My wife realized that she wanted some of the comforts of home, like a bathroom and a decent kitchen. What I wanted was something that would require less work to set up and tear down. We searched every brand and every dealer in the area. Finally, we decided upon the Outback, because the Outback models seemed to be far superior to anything else we saw.

We ordered our 2005 23RS from Clem's Trailer Sales in Ellwood City, PA. (Great Service - Excellent prices). We received our camper with ZERO defects in June of 2004. We camped all but one weekend of the summer of 2004 until September. It performed flawlessly until the end... That was when we had the remnants of the second major hurricaine in two weeks.

Record rainfalls for two consecutive weeks caused extensive flooding in our area. The storage area where we kept our 23rs was flooded by about five to six feet of water. Needless to say, our almost brand new camper was totalled. On a positive note, we had a check for the camper and contents (replacement value) from Progressive in four days!

Instead of replacing the camper in the Fall only to place it in storage, we decided to wait until Spring to order a replacement. We were pretty sure that we wanted to get a 28 RSS - the quad bunks and the side slide really seem to open up the interior. Then, we saw the 28 RSDS in the Outback brochure while attending the Pittsburgh RV Show.

What sold us on the 28 RSDS was the relocation of the dinette to the slide and the sofa to the old dinette location. It made perfect sense! Now, we wouldn't have to break down the dinette to put the rear slide in, as we had to do with the 23RS.

We placed our order for the camper the very next week. Our salesman called from the dealer the other day to inform us that the unit is scheduled to roll off the line on February 14th (how appropriate), which should have it arriving in Pittsburgh by the end of the month.
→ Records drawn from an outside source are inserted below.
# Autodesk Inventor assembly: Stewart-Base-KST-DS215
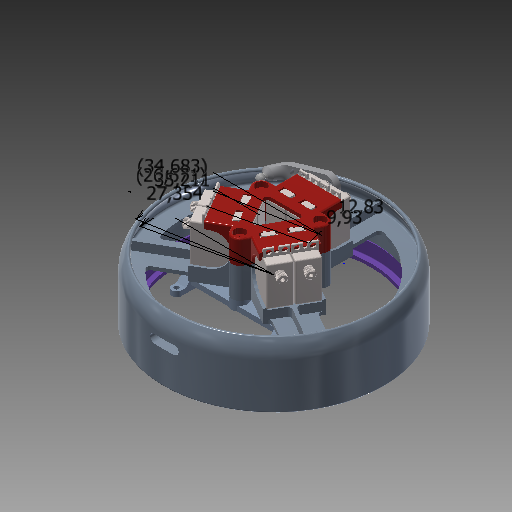
[picture p0: Inventor's stored thumbnail of the model, 512x512]
Saved by Autodesk Inventor 2018.3 (Build 223284000, 284)
## iProperties
Created: 2018-02-24
Part Number: Stewart-Base-KST-DS215
Material: Generisch
Document SubType Name: Assembly
Designer: JochenAlt
Author: JochenAlt
## Documents named in this file (5)
- D:\Projects\Donna\CAD\Stewart-Base.iam
- D:\Projects\Donna\CAD\Servo-KST-DS215MG.ipt
- D:\Projects\Donna\CAD\Messung.ipt
- D:\Projects\Donna\CAD\Servo-Arm-Head-20mm-Ball-Joint.iam
- D:\Projects\Donna\CAD\Stewart-Platform-Base.ipt
## Components (9 placed, 4 different names)
1. Servo-KST-DS215MG:1 — Passend:70, Passend:84, Passend:86
2. Servo-KST-DS215MG:2 — Passend:69, Passend:83, Passend:85
3. Servo-KST-DS215MG:3 — Passend:72, Passend:80, Passend:82
4. Servo-KST-DS215MG:4 — Passend:71, Passend:79, Passend:81
5. Servo-KST-DS215MG:5 — Passend:74, Passend:76, Passend:77
6. Servo-KST-DS215MG:6 — Passend:67, Passend:68, Passend:73, Passend:75, Passend:78
7. Servo-Arm-Head-20mm-Ball-Joint:1 [sub-assembly] — Passend:67, Passend:68
8. Messung:1 — Fluchtend:1
9. Stewart-Platform-Base:1 — Passend:69, Passend:70, Passend:71, Passend:72, Passend:73, Passend:74, Passend:75, Passend:76, Passend:77, Passend:78, Passend:79, Passend:80, Passend:81, Passend:82, Passend:83, Passend:84, Passend:85, Passend:86
## Relationships (21: Mate 20, Flush 1)
- Fluchtend:1 [Flush]: Messung:1
- Passend:67 [Mate]: Servo-KST-DS215MG:6 ↔ Servo-Arm-Head-20mm-Ball-Joint:1
- Passend:68 [Mate]: Servo-KST-DS215MG:6 ↔ Servo-Arm-Head-20mm-Ball-Joint:1
- Passend:69 [Mate]: Servo-KST-DS215MG:2 ↔ Stewart-Platform-Base:1
- Passend:70 [Mate]: Servo-KST-DS215MG:1 ↔ Stewart-Platform-Base:1
- Passend:71 [Mate]: Servo-KST-DS215MG:4 ↔ Stewart-Platform-Base:1
- Passend:72 [Mate]: Servo-KST-DS215MG:3 ↔ Stewart-Platform-Base:1
- Passend:73 [Mate]: Servo-KST-DS215MG:6 ↔ Stewart-Platform-Base:1
- Passend:74 [Mate]: Servo-KST-DS215MG:5 ↔ Stewart-Platform-Base:1
- Passend:75 [Mate]: Servo-KST-DS215MG:6 ↔ Stewart-Platform-Base:1
- Passend:76 [Mate]: Servo-KST-DS215MG:5 ↔ Stewart-Platform-Base:1
- Passend:77 [Mate]: Servo-KST-DS215MG:5 ↔ Stewart-Platform-Base:1
- Passend:78 [Mate]: Servo-KST-DS215MG:6 ↔ Stewart-Platform-Base:1
- Passend:79 [Mate]: Servo-KST-DS215MG:4 ↔ Stewart-Platform-Base:1
- Passend:80 [Mate]: Servo-KST-DS215MG:3 ↔ Stewart-Platform-Base:1
- Passend:81 [Mate]: Servo-KST-DS215MG:4 ↔ Stewart-Platform-Base:1
- Passend:82 [Mate]: Servo-KST-DS215MG:3 ↔ Stewart-Platform-Base:1
- Passend:83 [Mate]: Servo-KST-DS215MG:2 ↔ Stewart-Platform-Base:1
- Passend:84 [Mate]: Servo-KST-DS215MG:1 ↔ Stewart-Platform-Base:1
- Passend:85 [Mate]: Servo-KST-DS215MG:2 ↔ Stewart-Platform-Base:1
- Passend:86 [Mate]: Servo-KST-DS215MG:1 ↔ Stewart-Platform-Base:1
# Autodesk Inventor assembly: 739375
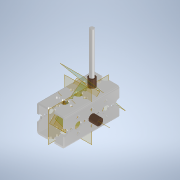
[picture p0: Inventor's stored thumbnail of the model, 180x180]
Saved by Autodesk Inventor 2020.1 (Build 241239000, 239)
## iProperties
Created: 2014-11-26
Part Number: 739375
Document SubType Name: Assembly
Designer: Tetrix
Catalog Web Link: http://www.tetrixrobotics.com/Gears_and_Sprockets/TETRIX_MAX/TETRIX_Worm_Gear_Box
Vendor: Tetrix
Category: Add-on Components
Company: Autodesk Inc.
Author: Autodesk Inc.
## Documents named in this file (10)
- C:\Users\tbloo\Documents\GitHub\AO_Robotics\CAD\Parts Kits\FTC Tetrix KOP Organized (7-24-19)\Gear\Worm Gear\Tetrix_39375.iam
- C:\Users\tbloo\Documents\GitHub\AO_Robotics\CAD\Parts Kits\FTC Tetrix KOP Organized (7-24-19)\Gear\Worm Gear\Tetrix_39375_Shaft.ipt
- C:\Users\tbloo\Documents\GitHub\AO_Robotics\CAD\Parts Kits\FTC Tetrix KOP Organized (7-24-19)\Gear\Worm Gear\Tetrix_39375_Bushing.ipt
- C:\Users\tbloo\Documents\GitHub\AO_Robotics\CAD\Parts Kits\FTC Tetrix KOP Organized (7-24-19)\Gear\Worm Gear\Tetrix_39375_Channel.ipt
- C:\Users\tbloo\Documents\GitHub\AO_Robotics\CAD\Parts Kits\FTC Tetrix KOP Organized (7-24-19)\Gear\Worm Gear\Tetrix_39375_BushingSmall.ipt
- C:\Users\tbloo\Documents\GitHub\AO_Robotics\CAD\Parts Kits\FTC Tetrix KOP Organized (7-24-19)\Gear\Worm Gear\Tetrix_39375_Worm.ipt
- C:\Users\tbloo\Documents\GitHub\AO_Robotics\CAD\Parts Kits\FTC Tetrix KOP Organized (7-24-19)\Gear\Worm Gear\Tetrix_39375_Screw2.ipt
- C:\Users\tbloo\Documents\GitHub\AO_Robotics\CAD\Parts Kits\FTC Tetrix KOP Organized (7-24-19)\Gear\Worm Gear\Tetrix_39375_Screw1.ipt
- C:\Users\tbloo\Documents\GitHub\AO_Robotics\CAD\Parts Kits\FTC Tetrix KOP Organized (7-24-19)\Gear\Worm Gear\Tetrix_39375_Gear.ipt
- C:\Users\tbloo\Documents\GitHub\AO_Robotics\CAD\Parts Kits\FTC Tetrix KOP Organized (7-24-19)\Gear\Worm Gear\Tetrix_39375_Shaft1.ipt
## Components (13 placed, 9 different names)
1. Tetrix_39375_Shaft:1 — Mate:1, Flush:1, Mate:2
2. Tetrix_39375_Bushing:1 — Insert:6, Mate:3
3. Tetrix_39375_Bushing:2 — Insert:4, Flush:1
4. Tetrix_39375_Bushing:3 — Insert:3
5. Tetrix_39375_Channel:1 — Mate:1, Insert:3, Insert:4, Insert:5, Insert:6, Mate:4, Flush:3
6. Tetrix_39375_BushingSmall:1 — Insert:5
7. Tetrix_39375_Worm:1 — Mate:2, Angle:2, Mate:8, Mate:9, Mate:10
8. Tetrix_39375_Screw2:1 — Mate:6, Flush:2
9. Tetrix_39375_Screw2:2 — Mate:5, Flush:2, Symmetry:1
10. Tetrix_39375_Screw1:1 — Mate:9
11. Tetrix_39375_Screw1:2 — Mate:10
12. Tetrix_39375_Gear:1 — Mate:3, Mate:4, Insert:7, Mate:5, Mate:6, Flush:3, Mate:7, Mate:8, Symmetry:1
13. Tetrix_39375_Shaft1:1 — Insert:7
## Relationships (20: Mate 10, Insert 5, Flush 3, Angle 1, Symmetry 1)
- Mate:1: Tetrix_39375_Shaft:1 ↔ Tetrix_39375_Channel:1
- Flush:1: Tetrix_39375_Shaft:1 ↔ Tetrix_39375_Bushing:2
- Insert:3: Tetrix_39375_Bushing:3 ↔ Tetrix_39375_Channel:1
- Mate:2: Tetrix_39375_Shaft:1 ↔ Tetrix_39375_Worm:1
- Insert:4: Tetrix_39375_Bushing:2 ↔ Tetrix_39375_Channel:1
- Insert:5: Tetrix_39375_Channel:1 ↔ Tetrix_39375_BushingSmall:1
- Insert:6: Tetrix_39375_Bushing:1 ↔ Tetrix_39375_Channel:1
- Mate:3: Tetrix_39375_Bushing:1 ↔ Tetrix_39375_Gear:1
- Mate:4: Tetrix_39375_Channel:1 ↔ Tetrix_39375_Gear:1
- Insert:7: Tetrix_39375_Gear:1 ↔ Tetrix_39375_Shaft1:1
- Mate:5: Tetrix_39375_Screw2:2 ↔ Tetrix_39375_Gear:1
- Mate:6: Tetrix_39375_Screw2:1 ↔ Tetrix_39375_Gear:1
- Flush:2: Tetrix_39375_Screw2:1 ↔ Tetrix_39375_Screw2:2
- Flush:3: Tetrix_39375_Channel:1 ↔ Tetrix_39375_Gear:1
- Mate:7: Tetrix_39375_Gear:1
- Angle:2 (90 deg): Tetrix_39375_Worm:1
- Mate:8: Tetrix_39375_Worm:1 ↔ Tetrix_39375_Gear:1
- Symmetry:1: Tetrix_39375_Screw2:2 ↔ Tetrix_39375_Gear:1
- Mate:9: Tetrix_39375_Worm:1 ↔ Tetrix_39375_Screw1:1
- Mate:10: Tetrix_39375_Worm:1 ↔ Tetrix_39375_Screw1:2

The campgrounds in Pennsylvania typically don't open until April, so I will have some time to perform a few modifications on the new camper. At this point, here are my plans:
1) Accumulator tank and sound insulation for water pump
2) Ladders and railings for upper bunks
3) Labels for light switches
4) MaxxAir Vent Covers (being installed by dealer)
5) Skid Wheels (the 28's seem to have a long rear overhang)
6) Battery Cut-off switch
7) Cut out and grommet for cables in tv/dvd/vcr cabinet
8) Vinyl roll down shades to replace metal blinds in rear slide and bunk areas

I'm sure that I'll think of a few more things to do before camping season kicks in!


----------



## hurricaneplumber (Apr 12, 2004)

Welcome!!!! action 

Congrats on the new machine, sounds like you are getting ready to MOD er up.

I am still waiting for the piles of snow to melt, 60 degrees here today.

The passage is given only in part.